Study Evaluating the Safety and Efficacy of Fixed-dose Once-daily Oral Aripiprazole in Children and Adolescents With Tourette's Disorder

NCT01727700 | Completed Phase 3 Results

• 1 other identifier: 31-12-293
• Study Type: interventional
• Target: 133
• Locations: 9 countries
• Sites: 75

Brief Summary

The goal of the current trial is to determine efficacy and safety of Once-daily aripiprazole in reducing Total Tic Severity in children and adolescents with Tourette's Disorder.

Conditions

Tourette's Disorder; Tic Disorder

Keywords

Tourette Syndrome; Basal Ganglia Diseases; Brain Diseases; Central Nervous System Diseases; Tic Disorders; Tics; Movement Disorders; Mental Disorders; Aripiprazole

Outcome Measures

Primary Outcomes (1)

• Change From Baseline to Week 8 in Yale Global Tic Severity Scale (YGTSS) Total Tic Score (TTS).

  The YGTSS is a semi-structured clinical interview designed to measure current (time frame of the past 1 week) tic severity. This scale consists of a tic inventory, with 5 separate rating scales to rate the severity of symptoms, and an impairment ranking. Ratings are made along 5 different dimensions on a scale of 0 to 5 for motor and vocal tics each, including number, frequency, intensity, complexity, and interference. Summation of these 10 scores (ie, 0-50) provides a TTS that was the primary outcome measure in this trial. The YGTSS ranking of impairment score rated on a 50-point scale anchored from 0 (no impairment) to 50 (severe impairment) to assess impairment experienced in areas of self-esteem, family life, social acceptance, and school scores.
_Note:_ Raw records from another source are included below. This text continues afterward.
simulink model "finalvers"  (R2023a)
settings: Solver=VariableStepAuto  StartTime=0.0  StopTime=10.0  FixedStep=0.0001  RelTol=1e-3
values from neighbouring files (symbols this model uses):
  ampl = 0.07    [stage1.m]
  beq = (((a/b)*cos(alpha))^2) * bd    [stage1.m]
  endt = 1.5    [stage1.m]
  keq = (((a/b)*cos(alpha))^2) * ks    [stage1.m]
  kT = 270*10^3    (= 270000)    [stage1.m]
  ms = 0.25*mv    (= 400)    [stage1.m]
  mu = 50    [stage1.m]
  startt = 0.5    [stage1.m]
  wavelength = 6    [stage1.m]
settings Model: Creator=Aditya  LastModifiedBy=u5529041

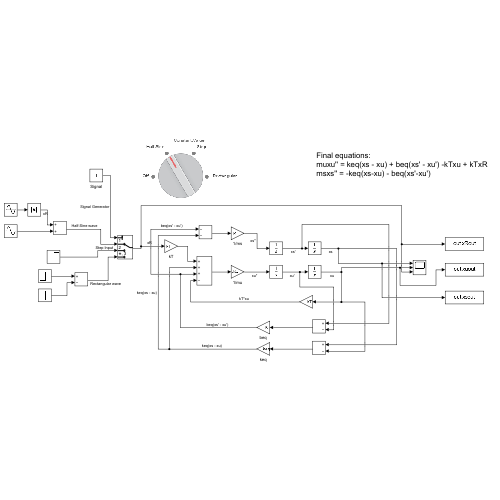
[thumbnail: Simulink's stored preview of the top-level diagram]
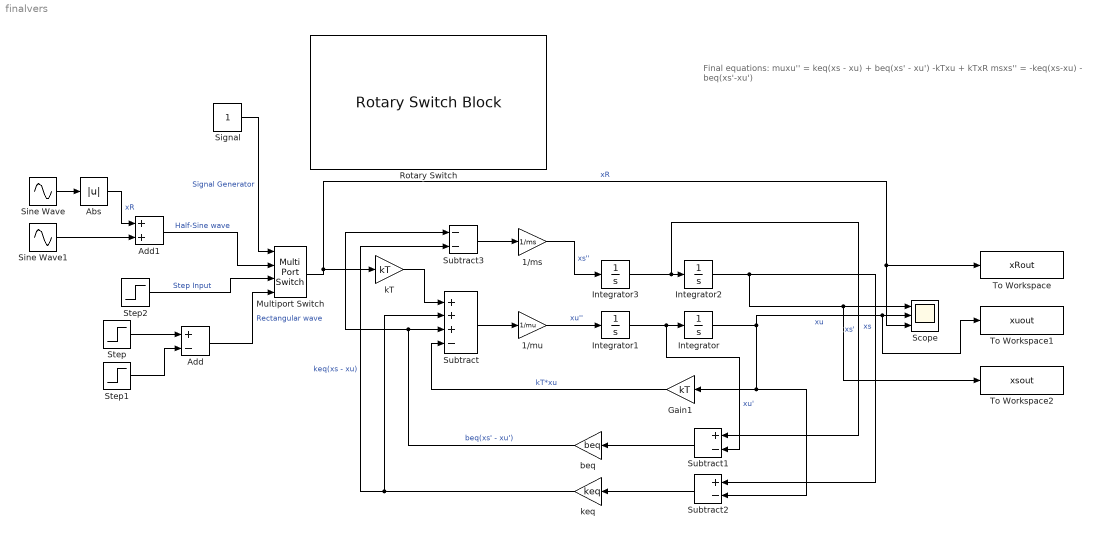
== system finalvers ==
  note: Final equations:
      | muxu'' = keq(xs - xu) + beq(xs' - xu') -kTxu + kTxR
      | msxs'' = -keq(xs-xu) - beq(xs'-xu')
  1/ms : Gain  Gain=1/ms
  1/mu : Gain  Gain=1/mu
  Abs : Abs  SaturateOnIntegerOverflow=off
  Add : Sum  Inputs=+-
  Add1 : Sum
  Gain1 : Gain  Gain=kT
  Integrator{,1..3} (4 alike) : Integrator
  Multiport Switch : MultiPortSwitch  SaturateOnIntegerOverflow=off  InputSameDT=off
  Rotary Switch : RotarySwitchBlock
      settings: Values={{'Off', 'Half-Sine', 'Step', 'Rectangular'}, [0 1 2 3]}
  Scope : Scope  NumInputPorts=3
  Signal : Constant
  Sine Wave : Sin  Amplitude=ampl  Frequency=2*pi/wavelength  SampleTime=0
  Sine Wave1 : Sin  Amplitude=ampl  Frequency=2*pi/wavelength  SampleTime=0
  Step : Step  Time=startt  After=0.12  SampleTime=0
  Step1 : Step  Time=endt  After=0.12  SampleTime=0
  Step2 : Step  SampleTime=0
  Subtract : Sum  Inputs=+++-
  Subtract1 : Sum  Inputs=+-
  Subtract2 : Sum  Inputs=+-
  Subtract3 : Sum  Inputs=--
  To Workspace : ToWorkspace  VariableName=xRout  SaveFormat=Timeseries  SampleTime=-1
  To Workspace1 : ToWorkspace  VariableName=xuout  SaveFormat=Timeseries  SampleTime=-1
  To Workspace2 : ToWorkspace  VariableName=xsout  SaveFormat=Timeseries  SampleTime=-1
  beq : Gain  Gain=beq
  kT : Gain  Gain=kT
  keq : Gain  Gain=keq
  wires:
  Multiport Switch/1 -> Scope/3, To Workspace/1, kT/1  "xR"
  Integrator/1 -> Subtract2/2, Gain1/1, To Workspace1/1, Scope/2  "xu"
  Integrator1/1 -> Subtract1/2, Integrator/1  "xu'"
  kT/1 -> Subtract/1
  Gain1/1 -> Subtract/4  "kT*xu"
  Integrator2/1 -> Subtract2/1, To Workspace2/1, Scope/1  "xs"
  Integrator3/1 -> Subtract1/1, Integrator2/1  "xs'"
  Subtract1/1 -> beq/1
  beq/1 -> Subtract3/1, Subtract/3  "beq(xs' - xu')"
  Subtract2/1 -> keq/1
  keq/1 -> Subtract/2, Subtract3/2  "keq(xs - xu)"
  Subtract/1 -> 1/mu/1
  1/mu/1 -> Integrator1/1  "xu''"
  Subtract3/1 -> 1/ms/1
  1/ms/1 -> Integrator3/1  "xs''"
  Step/1 -> Add/1
  Step1/1 -> Add/2
  Sine Wave/1 -> Abs/1
  Abs/1 -> Add1/1  "xR"
  Sine Wave1/1 -> Add1/2
  Add1/1 -> Multiport Switch/2  "Half-Sine wave"
  Add/1 -> Multiport Switch/4  "Rectangular wave"
  Step2/1 -> Multiport Switch/3  "Step Input"
  Signal/1 -> Multiport Switch/1  "Signal Generator"

This is a fully validated scale in adults and has become a standard instrument for the evaluation of the severity of TD in children.

  Baseline to Week 8

Secondary Outcomes (5)

• Change in Clinical Global Impressions Scale-Tourette's Syndrome (CGI-TS) Score at Week 8.

  Week 8

• Mean Change From Baseline to Endpoint (Week 8) in Total YGTSS Score

  Baseline to Week 8

• Mean Change From Baseline to Endpoint (Week 8) in CGI-TS Severity Score

  Baseline to Week 8

• Response Rate

  Week 8

• Treatment Discontinuation Rate

  Week 8

Study Arms (3)

Placebo

PLACEBO COMPARATOR

Matching Placebo Once-Daily

Drug: Placebo

Aripiprazole 5 mg or 10 mg

EXPERIMENTAL

Aripiprazole 5 mg or 10 mg Immediate Release Once-Daily

Drug: Aripiprazole

Aripiprazole 10 mg or 20 mg

EXPERIMENTAL

Aripiprazole 10 mg 20 mg Immediate Release Once-Daily

Drug: Aripiprazole

Interventions

Aripiprazole DRUG

Once-daily, tablet

Also known as: Abilify

Aripiprazole 10 mg or 20 mg; Aripiprazole 5 mg or 10 mg

Placebo DRUG

Placebo

Eligibility Criteria

• Age: 7 Years - 17 Years
• Sex: all
• Healthy Volunteers: No
• Age Groups: Child (0-17)

You may qualify if:

• male or female, 7 to 17 year old (inclusive) at the time of signing consent
• meets DSM-IV-TR diagnostic criteria for Tourette's Disorder
• Presenting tic symptoms cause impairment in the subject's normal routines, which include academic achievement, occupational functioning, social activities, and/or relationships
• Females of childbearing potential must have a negative pregnancy test, must be practicing acceptable double-barrier methods of contraception and must not be pregnant or lactating
• Written informed consent obtained from a legally acceptable representative \& informed assent at Screening as applicable by trial center's IRB/IEC
• The subject, designated guardian(s) or caregiver(s) are able to comprehend and satisfactorily comply with the protocol requirements, as evaluated by the investigator

You may not qualify if:

• Clinical presentation and/or history, consistent with another neurologic condition that may have accompanying abnormal movements
• History of schizophrenia, bipolar disorder, or other psychotic disorder
• Subject receiving psychostimulants for treatment of ADD/ADHD and who have developed and/or had exacerbations of tic disorder after initiation of stimulant treatment
• Currently meets DSM-IV-TR criteria for a primary mood disorder
• Severe Obsessive Compulsive Disorder (OCD)
• Taken aripiprazole within 30 days of the Screening visit
• Received any investigational agent in a clinical trial within 30 days prior to Screening, enrolled in studies 31-12-272, 31-12-273, 31-12-274; or who were randomized into a clinical trial with Once-daily aripiprazole at any time
• History of neuroleptic malignant syndrome
• Sexually active patients not using 2 approved methods of contraception
• Females breastfeeding or pregnant (positive blood pregnancy test prior to receiving trial drug)
• Risk of committing suicide
• Body weight lower than 16 kg
• Taken neuroleptic or antiparkinson drugs \< 14 days prior to randomization
• Requiring cognitive behavioral therapy (CBT) for Tourette's during trial
• Subject meets DSM-IV-TR criteria for any significant psychoactive substance use disorder within the past 3 months

Sponsors & Collaborators

• Otsuka Pharmaceutical Development & Commercialization, Inc.: lead

Study Sites (75)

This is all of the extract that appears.